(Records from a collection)
■ ■ ■
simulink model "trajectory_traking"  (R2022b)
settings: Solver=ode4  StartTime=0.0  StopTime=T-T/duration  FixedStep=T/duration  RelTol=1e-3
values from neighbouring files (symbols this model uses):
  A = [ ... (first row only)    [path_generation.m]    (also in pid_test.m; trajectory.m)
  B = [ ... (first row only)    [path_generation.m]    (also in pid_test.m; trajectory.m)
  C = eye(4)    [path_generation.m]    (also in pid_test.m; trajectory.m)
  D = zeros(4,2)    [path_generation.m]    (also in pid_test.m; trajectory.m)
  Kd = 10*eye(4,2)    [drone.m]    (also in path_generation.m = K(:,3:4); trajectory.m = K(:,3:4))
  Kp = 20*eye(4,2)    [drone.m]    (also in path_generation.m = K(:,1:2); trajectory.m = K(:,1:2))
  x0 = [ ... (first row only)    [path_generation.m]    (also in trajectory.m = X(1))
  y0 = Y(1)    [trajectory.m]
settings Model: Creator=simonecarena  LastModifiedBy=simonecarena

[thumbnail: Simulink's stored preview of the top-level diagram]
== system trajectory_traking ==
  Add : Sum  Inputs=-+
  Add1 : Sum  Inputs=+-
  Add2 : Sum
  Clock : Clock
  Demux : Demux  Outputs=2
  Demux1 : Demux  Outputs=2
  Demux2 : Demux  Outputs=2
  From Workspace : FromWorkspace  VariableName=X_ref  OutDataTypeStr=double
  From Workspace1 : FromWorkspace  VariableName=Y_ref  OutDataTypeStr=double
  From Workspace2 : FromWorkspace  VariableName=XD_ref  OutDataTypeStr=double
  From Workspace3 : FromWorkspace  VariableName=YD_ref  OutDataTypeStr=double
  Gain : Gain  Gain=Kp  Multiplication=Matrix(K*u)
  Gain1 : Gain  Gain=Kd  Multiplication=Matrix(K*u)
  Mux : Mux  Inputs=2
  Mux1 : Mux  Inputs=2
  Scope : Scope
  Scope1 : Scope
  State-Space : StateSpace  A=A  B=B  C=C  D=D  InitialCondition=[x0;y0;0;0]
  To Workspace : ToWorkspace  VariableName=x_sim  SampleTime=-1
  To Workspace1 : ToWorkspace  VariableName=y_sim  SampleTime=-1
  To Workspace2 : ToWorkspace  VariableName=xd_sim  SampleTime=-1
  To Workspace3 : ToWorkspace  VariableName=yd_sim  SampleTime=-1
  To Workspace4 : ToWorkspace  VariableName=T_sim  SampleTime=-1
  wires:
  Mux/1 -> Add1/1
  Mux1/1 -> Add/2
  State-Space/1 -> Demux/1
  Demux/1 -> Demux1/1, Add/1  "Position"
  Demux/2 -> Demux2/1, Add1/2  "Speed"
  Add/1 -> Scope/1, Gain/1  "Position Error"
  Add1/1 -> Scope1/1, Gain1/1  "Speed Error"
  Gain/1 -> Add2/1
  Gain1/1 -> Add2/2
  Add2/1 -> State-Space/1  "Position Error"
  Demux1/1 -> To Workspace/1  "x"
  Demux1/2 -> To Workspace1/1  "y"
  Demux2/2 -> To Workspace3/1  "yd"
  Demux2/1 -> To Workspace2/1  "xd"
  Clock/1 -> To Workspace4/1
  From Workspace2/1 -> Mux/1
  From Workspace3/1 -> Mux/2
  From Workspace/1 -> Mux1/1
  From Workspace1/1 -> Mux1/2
■ ■ ■
◆ Exercise prompt ◆
The lines running from the start of the data through the one that contains "Gain : Gain" should be reproduced exactly, and only those.

◆ Output of the task ◆
simulink model "trajectory_traking"  (R2022b)
settings: Solver=ode4  StartTime=0.0  StopTime=T-T/duration  FixedStep=T/duration  RelTol=1e-3
values from neighbouring files (symbols this model uses):
  A = [ ... (first row only)    [path_generation.m]    (also in pid_test.m; trajectory.m)
  B = [ ... (first row only)    [path_generation.m]    (also in pid_test.m; trajectory.m)
  C = eye(4)    [path_generation.m]    (also in pid_test.m; trajectory.m)
  D = zeros(4,2)    [path_generation.m]    (also in pid_test.m; trajectory.m)
  Kd = 10*eye(4,2)    [drone.m]    (also in path_generation.m = K(:,3:4); trajectory.m = K(:,3:4))
  Kp = 20*eye(4,2)    [drone.m]    (also in path_generation.m = K(:,1:2); trajectory.m = K(:,1:2))
  x0 = [ ... (first row only)    [path_generation.m]    (also in trajectory.m = X(1))
  y0 = Y(1)    [trajectory.m]
settings Model: Creator=simonecarena  LastModifiedBy=simonecarena

[thumbnail: Simulink's stored preview of the top-level diagram]
== system trajectory_traking ==
  Add : Sum  Inputs=-+
  Add1 : Sum  Inputs=+-
  Add2 : Sum
  Clock : Clock
  Demux : Demux  Outputs=2
  Demux1 : Demux  Outputs=2
  Demux2 : Demux  Outputs=2
  From Workspace : FromWorkspace  VariableName=X_ref  OutDataTypeStr=double
  From Workspace1 : FromWorkspace  VariableName=Y_ref  OutDataTypeStr=double
  From Workspace2 : FromWorkspace  VariableName=XD_ref  OutDataTypeStr=double
  From Workspace3 : FromWorkspace  VariableName=YD_ref  OutDataTypeStr=double
  Gain : Gain  Gain=Kp  Multiplication=Matrix(K*u)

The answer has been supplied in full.